Nun ist der Moment gekommen, auf den alle gewartet haben. Die Bühne wird umgebaut und es nähert sich der Auftritt von Iced Earth. Seitdem Fronter Matt Barlow erneut die Band verließ, hat sich Sänger Stu Block etabliert. Er steht dem langjährigen Shouter in nichts nach und kann sowohl vom Auftreten als auch vom Singen her mit dem Langzeitfrontmann mithalten.

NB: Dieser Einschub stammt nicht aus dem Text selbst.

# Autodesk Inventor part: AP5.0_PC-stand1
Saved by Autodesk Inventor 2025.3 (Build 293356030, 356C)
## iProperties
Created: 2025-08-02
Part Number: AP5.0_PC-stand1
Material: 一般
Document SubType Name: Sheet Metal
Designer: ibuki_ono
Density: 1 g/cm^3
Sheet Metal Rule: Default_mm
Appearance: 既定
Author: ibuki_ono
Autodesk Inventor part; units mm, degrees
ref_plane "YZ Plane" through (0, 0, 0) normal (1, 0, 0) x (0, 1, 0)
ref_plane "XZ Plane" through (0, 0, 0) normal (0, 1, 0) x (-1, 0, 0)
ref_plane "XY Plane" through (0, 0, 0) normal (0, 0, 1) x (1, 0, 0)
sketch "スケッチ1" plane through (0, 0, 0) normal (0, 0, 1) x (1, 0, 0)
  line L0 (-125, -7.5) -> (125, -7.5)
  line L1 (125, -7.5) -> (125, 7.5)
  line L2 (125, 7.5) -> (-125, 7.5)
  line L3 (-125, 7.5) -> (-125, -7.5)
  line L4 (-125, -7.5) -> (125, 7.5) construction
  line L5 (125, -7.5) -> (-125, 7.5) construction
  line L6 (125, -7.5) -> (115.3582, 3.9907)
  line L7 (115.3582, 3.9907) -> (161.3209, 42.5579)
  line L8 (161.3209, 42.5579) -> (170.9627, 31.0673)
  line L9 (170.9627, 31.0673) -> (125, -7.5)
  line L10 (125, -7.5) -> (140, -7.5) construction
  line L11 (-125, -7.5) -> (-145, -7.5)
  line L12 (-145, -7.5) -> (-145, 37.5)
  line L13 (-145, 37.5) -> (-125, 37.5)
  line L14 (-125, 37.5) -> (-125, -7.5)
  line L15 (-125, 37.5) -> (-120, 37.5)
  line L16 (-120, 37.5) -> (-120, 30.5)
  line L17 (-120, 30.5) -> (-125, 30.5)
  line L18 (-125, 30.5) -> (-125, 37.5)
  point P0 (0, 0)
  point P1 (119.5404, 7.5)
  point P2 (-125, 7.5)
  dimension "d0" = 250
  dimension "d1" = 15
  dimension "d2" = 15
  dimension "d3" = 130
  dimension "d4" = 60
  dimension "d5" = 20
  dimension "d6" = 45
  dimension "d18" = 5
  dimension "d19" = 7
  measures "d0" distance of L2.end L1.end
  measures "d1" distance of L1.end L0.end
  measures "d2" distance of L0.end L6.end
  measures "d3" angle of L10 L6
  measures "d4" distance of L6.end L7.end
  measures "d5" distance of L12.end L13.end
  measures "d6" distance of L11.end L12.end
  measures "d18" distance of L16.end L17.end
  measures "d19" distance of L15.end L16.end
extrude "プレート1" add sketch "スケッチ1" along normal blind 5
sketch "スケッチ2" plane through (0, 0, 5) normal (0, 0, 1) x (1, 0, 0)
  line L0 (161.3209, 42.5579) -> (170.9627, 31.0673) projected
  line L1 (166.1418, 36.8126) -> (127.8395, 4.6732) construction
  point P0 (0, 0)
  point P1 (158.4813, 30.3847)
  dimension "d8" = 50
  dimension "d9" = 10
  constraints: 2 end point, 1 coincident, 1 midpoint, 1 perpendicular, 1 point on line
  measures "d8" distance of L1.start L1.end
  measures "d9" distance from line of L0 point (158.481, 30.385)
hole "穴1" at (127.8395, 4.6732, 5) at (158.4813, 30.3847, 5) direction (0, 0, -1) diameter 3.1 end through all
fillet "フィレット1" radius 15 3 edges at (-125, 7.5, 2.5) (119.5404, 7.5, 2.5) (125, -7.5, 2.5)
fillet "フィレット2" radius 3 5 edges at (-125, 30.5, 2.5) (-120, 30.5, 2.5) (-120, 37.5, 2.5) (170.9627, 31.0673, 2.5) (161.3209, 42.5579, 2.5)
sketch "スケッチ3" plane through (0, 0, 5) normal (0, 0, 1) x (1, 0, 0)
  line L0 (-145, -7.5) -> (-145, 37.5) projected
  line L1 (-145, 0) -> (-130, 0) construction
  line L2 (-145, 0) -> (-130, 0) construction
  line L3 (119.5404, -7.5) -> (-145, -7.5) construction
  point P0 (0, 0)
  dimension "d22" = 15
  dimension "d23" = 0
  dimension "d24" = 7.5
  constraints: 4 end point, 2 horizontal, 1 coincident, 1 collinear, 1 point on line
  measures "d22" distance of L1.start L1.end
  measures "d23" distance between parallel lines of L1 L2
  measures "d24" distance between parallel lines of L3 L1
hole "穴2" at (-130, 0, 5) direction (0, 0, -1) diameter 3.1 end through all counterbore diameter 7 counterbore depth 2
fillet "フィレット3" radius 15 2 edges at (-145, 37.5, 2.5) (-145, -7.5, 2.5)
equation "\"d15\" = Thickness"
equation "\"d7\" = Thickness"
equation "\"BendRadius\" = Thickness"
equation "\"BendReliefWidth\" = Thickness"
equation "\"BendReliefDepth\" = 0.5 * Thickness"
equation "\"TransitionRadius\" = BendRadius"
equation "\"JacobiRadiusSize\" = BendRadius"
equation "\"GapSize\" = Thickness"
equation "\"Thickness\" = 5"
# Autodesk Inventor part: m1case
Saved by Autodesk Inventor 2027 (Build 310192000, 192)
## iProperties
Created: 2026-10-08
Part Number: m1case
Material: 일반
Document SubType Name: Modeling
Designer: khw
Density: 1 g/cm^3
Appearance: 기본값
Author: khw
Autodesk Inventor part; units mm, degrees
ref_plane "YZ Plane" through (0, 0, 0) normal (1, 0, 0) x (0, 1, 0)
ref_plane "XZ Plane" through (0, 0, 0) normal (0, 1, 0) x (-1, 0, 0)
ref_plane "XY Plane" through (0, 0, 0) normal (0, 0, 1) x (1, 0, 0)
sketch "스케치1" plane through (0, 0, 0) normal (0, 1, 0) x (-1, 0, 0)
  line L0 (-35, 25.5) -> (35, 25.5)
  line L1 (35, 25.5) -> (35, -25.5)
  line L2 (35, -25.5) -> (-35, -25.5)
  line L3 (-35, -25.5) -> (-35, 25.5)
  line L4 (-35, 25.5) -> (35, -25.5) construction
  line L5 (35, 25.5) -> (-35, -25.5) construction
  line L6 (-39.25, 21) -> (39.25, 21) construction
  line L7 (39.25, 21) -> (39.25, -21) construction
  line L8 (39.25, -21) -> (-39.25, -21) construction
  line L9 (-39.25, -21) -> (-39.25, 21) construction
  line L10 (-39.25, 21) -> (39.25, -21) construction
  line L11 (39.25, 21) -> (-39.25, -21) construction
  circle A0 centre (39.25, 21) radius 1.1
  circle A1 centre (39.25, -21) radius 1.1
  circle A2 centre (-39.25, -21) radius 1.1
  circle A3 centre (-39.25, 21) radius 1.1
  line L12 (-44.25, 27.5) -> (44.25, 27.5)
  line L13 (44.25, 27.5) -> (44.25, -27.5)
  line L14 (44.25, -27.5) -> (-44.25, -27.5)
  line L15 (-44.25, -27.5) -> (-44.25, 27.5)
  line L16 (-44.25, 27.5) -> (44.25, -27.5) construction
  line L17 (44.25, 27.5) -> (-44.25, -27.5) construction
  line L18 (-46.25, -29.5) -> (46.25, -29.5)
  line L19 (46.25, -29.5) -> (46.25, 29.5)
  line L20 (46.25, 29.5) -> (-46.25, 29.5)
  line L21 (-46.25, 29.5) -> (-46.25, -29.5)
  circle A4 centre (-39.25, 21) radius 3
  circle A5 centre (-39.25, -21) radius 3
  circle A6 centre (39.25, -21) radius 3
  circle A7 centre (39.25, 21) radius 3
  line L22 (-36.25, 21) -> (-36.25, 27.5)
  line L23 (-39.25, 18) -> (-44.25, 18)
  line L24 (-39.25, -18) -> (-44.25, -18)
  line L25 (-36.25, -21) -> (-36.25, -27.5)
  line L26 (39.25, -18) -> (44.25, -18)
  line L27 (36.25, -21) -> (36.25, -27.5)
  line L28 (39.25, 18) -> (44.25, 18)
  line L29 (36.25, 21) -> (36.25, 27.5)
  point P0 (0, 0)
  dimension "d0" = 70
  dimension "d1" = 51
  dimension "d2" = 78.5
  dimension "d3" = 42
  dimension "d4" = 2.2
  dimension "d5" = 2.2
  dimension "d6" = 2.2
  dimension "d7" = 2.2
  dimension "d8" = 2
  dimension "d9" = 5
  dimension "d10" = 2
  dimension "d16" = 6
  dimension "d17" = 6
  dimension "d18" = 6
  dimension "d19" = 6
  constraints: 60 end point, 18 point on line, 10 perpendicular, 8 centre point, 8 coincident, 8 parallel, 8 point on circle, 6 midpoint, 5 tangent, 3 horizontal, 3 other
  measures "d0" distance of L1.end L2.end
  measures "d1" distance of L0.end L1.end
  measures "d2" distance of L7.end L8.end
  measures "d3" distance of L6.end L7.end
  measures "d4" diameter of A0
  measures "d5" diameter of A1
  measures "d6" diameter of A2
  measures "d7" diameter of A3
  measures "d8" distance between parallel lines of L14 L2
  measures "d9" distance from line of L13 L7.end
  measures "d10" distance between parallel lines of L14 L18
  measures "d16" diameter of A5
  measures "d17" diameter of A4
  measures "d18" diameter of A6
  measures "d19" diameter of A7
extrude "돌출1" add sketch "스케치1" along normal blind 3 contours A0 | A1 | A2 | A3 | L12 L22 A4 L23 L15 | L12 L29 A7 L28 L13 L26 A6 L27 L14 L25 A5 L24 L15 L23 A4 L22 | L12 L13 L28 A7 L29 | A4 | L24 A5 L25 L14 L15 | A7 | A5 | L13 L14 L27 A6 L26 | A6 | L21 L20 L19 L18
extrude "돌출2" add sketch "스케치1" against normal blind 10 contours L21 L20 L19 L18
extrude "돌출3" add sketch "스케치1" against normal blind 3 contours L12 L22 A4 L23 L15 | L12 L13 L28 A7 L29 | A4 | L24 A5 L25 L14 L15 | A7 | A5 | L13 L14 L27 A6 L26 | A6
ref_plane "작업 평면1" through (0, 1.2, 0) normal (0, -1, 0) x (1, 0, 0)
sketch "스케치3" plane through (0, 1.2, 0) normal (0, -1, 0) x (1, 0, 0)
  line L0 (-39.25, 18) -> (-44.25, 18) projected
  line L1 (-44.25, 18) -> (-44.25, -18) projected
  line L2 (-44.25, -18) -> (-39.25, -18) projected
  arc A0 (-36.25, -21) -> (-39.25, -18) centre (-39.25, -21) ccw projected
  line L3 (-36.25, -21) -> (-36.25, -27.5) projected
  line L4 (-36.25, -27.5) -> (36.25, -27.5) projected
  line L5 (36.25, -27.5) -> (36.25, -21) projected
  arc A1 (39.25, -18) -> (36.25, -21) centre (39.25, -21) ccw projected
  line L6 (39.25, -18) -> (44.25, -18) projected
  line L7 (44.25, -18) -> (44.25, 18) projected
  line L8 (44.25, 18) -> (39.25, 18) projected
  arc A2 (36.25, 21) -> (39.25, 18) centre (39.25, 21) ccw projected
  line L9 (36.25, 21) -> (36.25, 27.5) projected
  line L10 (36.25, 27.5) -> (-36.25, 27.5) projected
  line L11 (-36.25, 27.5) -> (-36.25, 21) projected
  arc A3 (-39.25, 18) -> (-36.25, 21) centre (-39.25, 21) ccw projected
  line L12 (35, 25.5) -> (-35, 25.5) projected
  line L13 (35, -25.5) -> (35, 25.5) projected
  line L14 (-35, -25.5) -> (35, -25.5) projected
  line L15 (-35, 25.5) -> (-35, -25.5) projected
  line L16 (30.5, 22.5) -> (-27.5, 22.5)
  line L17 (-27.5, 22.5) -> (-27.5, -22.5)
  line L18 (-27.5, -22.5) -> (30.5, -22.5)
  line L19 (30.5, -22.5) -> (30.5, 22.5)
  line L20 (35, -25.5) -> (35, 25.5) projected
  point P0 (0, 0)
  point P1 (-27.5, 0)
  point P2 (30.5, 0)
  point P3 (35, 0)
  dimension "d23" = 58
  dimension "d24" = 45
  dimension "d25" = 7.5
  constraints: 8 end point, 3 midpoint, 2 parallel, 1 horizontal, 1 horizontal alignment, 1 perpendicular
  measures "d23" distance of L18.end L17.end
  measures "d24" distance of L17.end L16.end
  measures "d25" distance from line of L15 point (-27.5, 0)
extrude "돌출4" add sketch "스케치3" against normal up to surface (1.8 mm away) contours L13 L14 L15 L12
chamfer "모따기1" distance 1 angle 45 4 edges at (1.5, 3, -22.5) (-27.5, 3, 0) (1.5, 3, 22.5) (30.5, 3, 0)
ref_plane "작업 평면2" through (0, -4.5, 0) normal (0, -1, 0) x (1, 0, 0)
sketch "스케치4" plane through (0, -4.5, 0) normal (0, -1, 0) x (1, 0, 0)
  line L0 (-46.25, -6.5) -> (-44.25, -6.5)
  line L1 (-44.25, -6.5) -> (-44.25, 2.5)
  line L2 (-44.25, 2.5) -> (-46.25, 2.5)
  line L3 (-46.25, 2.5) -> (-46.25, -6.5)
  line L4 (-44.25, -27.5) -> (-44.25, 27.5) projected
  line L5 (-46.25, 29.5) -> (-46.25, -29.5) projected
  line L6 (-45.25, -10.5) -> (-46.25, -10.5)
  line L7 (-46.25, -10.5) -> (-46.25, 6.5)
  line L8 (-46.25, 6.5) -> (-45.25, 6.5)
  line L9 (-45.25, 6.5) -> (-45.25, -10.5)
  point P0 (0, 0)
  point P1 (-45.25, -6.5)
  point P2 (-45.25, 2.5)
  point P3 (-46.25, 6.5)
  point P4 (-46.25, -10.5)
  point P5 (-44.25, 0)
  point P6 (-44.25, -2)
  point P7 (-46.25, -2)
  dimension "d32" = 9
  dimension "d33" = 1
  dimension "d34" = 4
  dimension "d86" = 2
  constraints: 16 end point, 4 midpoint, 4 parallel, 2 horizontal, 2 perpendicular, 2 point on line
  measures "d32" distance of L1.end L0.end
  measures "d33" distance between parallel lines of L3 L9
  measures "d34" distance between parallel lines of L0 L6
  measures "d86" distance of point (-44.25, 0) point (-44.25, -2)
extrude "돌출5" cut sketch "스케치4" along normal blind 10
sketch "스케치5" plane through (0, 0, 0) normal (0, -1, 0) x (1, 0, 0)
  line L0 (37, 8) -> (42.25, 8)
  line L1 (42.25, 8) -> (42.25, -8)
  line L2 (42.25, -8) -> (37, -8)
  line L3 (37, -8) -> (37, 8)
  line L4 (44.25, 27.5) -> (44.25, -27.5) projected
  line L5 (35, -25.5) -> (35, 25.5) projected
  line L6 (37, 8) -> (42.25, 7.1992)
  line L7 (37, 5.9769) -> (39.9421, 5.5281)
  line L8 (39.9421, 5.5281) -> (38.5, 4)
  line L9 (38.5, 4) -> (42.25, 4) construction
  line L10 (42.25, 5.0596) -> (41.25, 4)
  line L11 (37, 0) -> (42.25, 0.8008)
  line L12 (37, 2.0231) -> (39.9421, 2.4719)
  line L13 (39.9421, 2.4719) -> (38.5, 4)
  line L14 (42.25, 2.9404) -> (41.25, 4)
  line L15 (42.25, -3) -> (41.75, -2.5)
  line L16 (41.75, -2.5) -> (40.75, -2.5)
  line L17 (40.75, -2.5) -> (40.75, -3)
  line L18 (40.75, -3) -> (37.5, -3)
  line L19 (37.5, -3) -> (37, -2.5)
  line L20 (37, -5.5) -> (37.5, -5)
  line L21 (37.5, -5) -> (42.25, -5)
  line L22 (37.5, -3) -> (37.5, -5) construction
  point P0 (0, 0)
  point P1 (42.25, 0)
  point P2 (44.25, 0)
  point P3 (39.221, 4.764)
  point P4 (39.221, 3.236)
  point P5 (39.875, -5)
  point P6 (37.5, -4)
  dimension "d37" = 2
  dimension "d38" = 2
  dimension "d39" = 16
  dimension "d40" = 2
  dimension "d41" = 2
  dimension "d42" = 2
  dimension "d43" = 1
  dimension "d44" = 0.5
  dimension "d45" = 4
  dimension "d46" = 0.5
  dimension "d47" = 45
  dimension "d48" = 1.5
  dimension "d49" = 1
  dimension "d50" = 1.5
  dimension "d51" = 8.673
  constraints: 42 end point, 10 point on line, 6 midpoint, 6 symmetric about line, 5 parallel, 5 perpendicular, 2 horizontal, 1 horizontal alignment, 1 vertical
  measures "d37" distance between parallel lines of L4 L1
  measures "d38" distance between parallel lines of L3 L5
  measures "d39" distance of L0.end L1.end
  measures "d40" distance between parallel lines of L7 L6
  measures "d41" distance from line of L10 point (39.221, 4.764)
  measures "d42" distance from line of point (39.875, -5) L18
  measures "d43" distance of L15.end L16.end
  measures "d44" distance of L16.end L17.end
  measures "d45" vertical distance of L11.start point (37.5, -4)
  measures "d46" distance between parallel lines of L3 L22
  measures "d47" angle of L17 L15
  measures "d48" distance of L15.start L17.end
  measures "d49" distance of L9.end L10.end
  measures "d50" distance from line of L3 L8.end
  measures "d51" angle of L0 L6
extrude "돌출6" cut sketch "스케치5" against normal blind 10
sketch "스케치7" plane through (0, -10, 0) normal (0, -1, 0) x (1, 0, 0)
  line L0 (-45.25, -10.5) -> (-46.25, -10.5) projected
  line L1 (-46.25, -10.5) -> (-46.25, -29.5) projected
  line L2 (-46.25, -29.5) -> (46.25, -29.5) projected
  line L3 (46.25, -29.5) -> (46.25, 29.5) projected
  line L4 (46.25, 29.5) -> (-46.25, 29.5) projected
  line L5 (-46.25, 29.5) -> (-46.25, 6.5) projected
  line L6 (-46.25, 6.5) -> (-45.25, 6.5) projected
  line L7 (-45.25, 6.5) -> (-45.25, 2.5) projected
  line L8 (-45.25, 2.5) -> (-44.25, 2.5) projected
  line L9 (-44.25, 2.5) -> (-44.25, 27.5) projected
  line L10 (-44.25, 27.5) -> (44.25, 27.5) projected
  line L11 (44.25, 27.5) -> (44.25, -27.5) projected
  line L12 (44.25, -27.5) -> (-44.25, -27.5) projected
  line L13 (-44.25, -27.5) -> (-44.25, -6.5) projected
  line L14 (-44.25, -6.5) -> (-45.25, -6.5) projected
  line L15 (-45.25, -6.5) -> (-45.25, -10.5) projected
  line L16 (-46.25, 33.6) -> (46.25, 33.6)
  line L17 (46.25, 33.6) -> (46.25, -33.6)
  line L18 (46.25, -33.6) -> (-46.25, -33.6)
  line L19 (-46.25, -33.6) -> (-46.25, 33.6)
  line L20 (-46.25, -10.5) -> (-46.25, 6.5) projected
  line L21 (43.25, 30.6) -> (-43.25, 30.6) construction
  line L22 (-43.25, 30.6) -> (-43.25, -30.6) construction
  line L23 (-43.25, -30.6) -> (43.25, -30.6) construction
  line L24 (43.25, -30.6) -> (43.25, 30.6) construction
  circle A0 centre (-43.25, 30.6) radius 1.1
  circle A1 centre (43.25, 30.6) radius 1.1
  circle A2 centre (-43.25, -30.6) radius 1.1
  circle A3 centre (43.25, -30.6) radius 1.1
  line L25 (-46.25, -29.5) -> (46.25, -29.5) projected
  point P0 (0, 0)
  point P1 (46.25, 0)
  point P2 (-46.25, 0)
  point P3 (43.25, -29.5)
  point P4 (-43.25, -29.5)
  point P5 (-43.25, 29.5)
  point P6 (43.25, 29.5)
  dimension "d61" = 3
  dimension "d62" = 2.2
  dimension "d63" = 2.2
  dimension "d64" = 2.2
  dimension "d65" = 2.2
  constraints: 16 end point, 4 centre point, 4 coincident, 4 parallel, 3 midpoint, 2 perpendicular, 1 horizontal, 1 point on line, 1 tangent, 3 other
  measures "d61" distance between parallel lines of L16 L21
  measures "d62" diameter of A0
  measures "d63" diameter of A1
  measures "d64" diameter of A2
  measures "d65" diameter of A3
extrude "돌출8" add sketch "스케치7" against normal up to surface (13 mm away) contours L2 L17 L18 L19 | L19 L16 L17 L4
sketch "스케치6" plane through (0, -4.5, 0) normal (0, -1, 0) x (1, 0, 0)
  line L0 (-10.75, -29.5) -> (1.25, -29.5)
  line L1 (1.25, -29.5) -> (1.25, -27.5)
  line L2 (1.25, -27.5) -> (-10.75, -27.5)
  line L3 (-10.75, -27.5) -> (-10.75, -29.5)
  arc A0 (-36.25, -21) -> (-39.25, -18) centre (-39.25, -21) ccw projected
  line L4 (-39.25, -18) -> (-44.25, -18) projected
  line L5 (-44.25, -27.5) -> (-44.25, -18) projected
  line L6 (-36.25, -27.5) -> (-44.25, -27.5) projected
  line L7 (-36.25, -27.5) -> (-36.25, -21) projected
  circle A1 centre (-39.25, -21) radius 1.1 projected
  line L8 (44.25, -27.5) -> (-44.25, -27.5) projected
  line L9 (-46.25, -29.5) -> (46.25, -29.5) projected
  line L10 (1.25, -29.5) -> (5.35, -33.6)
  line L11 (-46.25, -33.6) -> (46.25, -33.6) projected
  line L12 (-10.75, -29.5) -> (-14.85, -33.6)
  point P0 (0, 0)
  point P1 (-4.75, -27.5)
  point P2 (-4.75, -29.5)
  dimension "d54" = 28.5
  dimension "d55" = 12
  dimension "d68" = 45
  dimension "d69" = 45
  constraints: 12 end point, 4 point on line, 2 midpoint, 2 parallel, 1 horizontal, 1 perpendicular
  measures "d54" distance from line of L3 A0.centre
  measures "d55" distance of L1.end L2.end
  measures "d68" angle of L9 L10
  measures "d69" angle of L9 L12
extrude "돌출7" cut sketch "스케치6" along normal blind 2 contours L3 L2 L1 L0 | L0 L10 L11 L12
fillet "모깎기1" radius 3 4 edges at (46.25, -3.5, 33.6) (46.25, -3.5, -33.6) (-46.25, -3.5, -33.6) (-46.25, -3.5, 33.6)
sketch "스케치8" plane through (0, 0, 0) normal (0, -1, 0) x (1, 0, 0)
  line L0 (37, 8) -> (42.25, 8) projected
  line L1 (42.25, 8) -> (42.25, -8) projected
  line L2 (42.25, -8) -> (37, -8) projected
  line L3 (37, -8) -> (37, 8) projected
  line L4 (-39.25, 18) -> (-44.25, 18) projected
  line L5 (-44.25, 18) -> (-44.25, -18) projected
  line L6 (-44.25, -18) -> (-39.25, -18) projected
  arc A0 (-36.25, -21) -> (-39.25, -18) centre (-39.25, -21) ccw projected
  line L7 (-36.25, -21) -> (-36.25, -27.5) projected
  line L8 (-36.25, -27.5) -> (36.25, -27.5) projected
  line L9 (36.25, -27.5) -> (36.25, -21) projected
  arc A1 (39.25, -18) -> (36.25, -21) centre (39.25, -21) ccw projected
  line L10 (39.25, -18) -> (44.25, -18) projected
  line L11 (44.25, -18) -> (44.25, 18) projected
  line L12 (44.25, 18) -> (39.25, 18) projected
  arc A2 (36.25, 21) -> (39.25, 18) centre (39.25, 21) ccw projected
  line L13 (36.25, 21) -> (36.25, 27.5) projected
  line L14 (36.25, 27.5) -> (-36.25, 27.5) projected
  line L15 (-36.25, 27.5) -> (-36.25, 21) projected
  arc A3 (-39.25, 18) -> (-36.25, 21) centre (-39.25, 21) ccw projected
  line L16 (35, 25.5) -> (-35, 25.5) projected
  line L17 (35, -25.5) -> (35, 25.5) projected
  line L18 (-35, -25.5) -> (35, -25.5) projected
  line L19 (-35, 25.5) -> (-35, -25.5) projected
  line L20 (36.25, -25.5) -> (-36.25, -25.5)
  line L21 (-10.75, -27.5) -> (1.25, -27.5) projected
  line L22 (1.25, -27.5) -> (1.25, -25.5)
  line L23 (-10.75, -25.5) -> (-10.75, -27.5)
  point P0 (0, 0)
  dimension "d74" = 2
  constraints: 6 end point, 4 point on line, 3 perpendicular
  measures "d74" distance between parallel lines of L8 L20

Der Auftritt startet wie erwartet mit viel Energie. Das Zuhörervolk ist sofort voll bei der Sache und die Party startet von null auf hundert. Erst nach den ersten beiden Songs gönnt die Band den Zuhörern eine kurze Unterbrechung. Sänger Stu begrüßt in gewohnt freundlicher Manier die Fans und leitet sofort wieder zurück zum musikalischen Teil des Auftritts. In einer fetten Partystimmung befinden sich die Fans inzwischen. Völlig ohne Aufforderung reißen sie die Arme nach oben, klatschen, singen und feiern die Band mit völliger Hingabe. Nicht nur direkt vor der Bühne kocht die Hütte, auch außerhalb der Grube, auf dem Rang sozusagen, werden Iced Earth gefeiert. Bei so guter Stimmung fällt es nicht schwer, in den allgemeinen Rausch mit einzutauchen.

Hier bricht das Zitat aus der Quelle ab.